Okay, but how did `chainl1` work? Let's go over it:
```
chainl1 :: Parser a -> Parser (a -> a -> a) -> Parser a
chainl1 p sep =
foldl (\acc (op,v) -> op acc v) <$> p <*> many ((\op v -> (op,v)) <$> sep <*> p)
```
First, let's refactor a bit---anonymous functions are great to write
when you're on top of things, but named functions are easier to talk
about when you're not sure what's going on. (There's a name for this
phenomenon: the [Kingdom of Nouns](https://steve-yegge.blogspot.com/2006/03/execution-in-kingdom-of-nouns.html).)
```
chainl1 :: Parser a -> Parser (a -> a -> a) -> Parser a
chainl1 p sep =
foldl applyOp <$> p <*> many (collectOp <$> sep <*> p)
where applyOp acc (op,v) = op acc v
collectOp op v = (op,v)
```
What's this code do? If we put on our `Applicative` parsing glasses, we're going to parse `p` then then zero or more `sep`s followed by a `p`, i.e., something of the form `p (sep p)*`. In terms of what's parsed, this code is just like `sepBy1`, which is hopefully easier to understand:
```
sepBy1 :: Parser a -> Parser sep -> Parser [a]
sepBy1 p sep = (:) <$> p <*> (many (sep *> p))
```
If we turn our attention to types (put on your typechecking hat; who
knew it was going to be a costume party), we can see that parsing with
`p` produces a value of type `a`, but parsing with `sep` produces a *function*
of type `a -> a -> a`. That is, our separator produces an operator. Our
function `collectOp` makes it so that when we're parsing zero or more
`sep p`s, we collect a pair of things: the operation and the right-hand
value.

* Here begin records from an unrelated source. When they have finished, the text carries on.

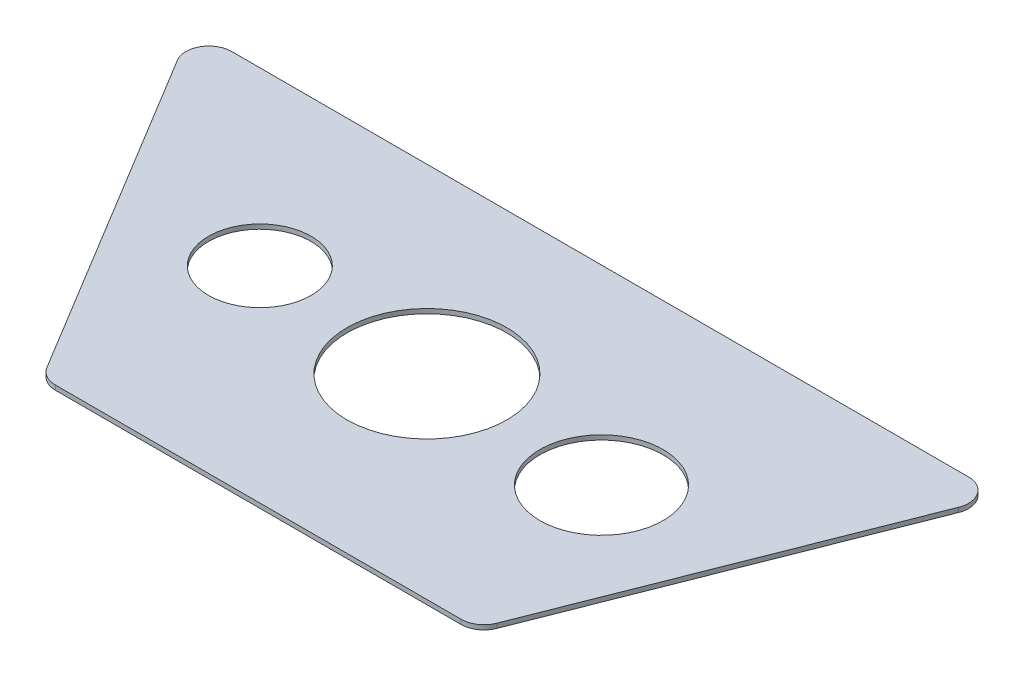
SolidWorks part; units mm, degrees
ref_plane "Front Plane" through (0, 0, 0) normal (0, 0, 1) x (1, 0, 0)
ref_plane "Top Plane" through (0, 0, 0) normal (0, 1, 0) x (1, 0, 0)
ref_plane "Right Plane" through (0, 0, 0) normal (1, 0, 0) x (0, 0, -1)
sketch "Sketch2" plane through (0, 0, 0) normal (0, 1, 0) x (1, 0, 0)
  line L0 (0, 0) -> (65, 165)
  line L1 (65, 165) -> (-290, 165)
  line L2 (-290, 165) -> (-190, 0)
  line L3 (-55, 0) -> (55, 0) construction
  line L4 (-190, 0) -> (0, 0)
  line L5 (0, -55) -> (0, 55) construction
  dimension "D1" = 355
  dimension "D2" = 190
  dimension "D3" = 165
  dimension "D4" = 65
extrude "Boss-Extrude1" add sketch "Sketch2" along normal blind 2
fillet "Fillet1" radius 10 4 edges at (-190, 1, 0) (-290, 1, -165) (65, 1, -165) (0, 1, 0)
sketch "Sketch3" plane through (0, 2, 0) normal (0, 1, 0) x (1, 0, 0)
  circle A0 centre (-184.8365, 89.9232) radius 22.4506
  circle A1 centre (-107.3457, 85.5779) radius 34.9897
  circle A2 centre (-26.958, 81.5947) radius 26.958
extrude "Cut-Extrude1" cut sketch "Sketch3" against normal blind 2

So `many (collectOp <$> sep <*> p)` will parse a list of pairs of
operations and values.
After parsing with `p <*> many (collectOp <$> sep <*> p)`, we find
ourselves holding two things: a value of type `a`, from parsing with `p`,
and a list of type `[(a->a->a,a)]` from the `many ...`. The first thing, the
result from `p`, is our leftmost thing we've parsed. The list is a
left-to-right listing of (i) the operation between the thing to our
left and (ii) another value of type a parsed by `p`. We then flatten
everything out by folding---using `foldl`, because we're trying to be
left associative.
That is, we have...
```
p0 [(op1,p1),(op2,p2),(op3,p3),...,(opn,pn)]
```
and we produce...
```
(opn (... (op3 (op2 (op1 p0 p1) p2) p3) ...) pn)
```
...which looks like the right answer to me!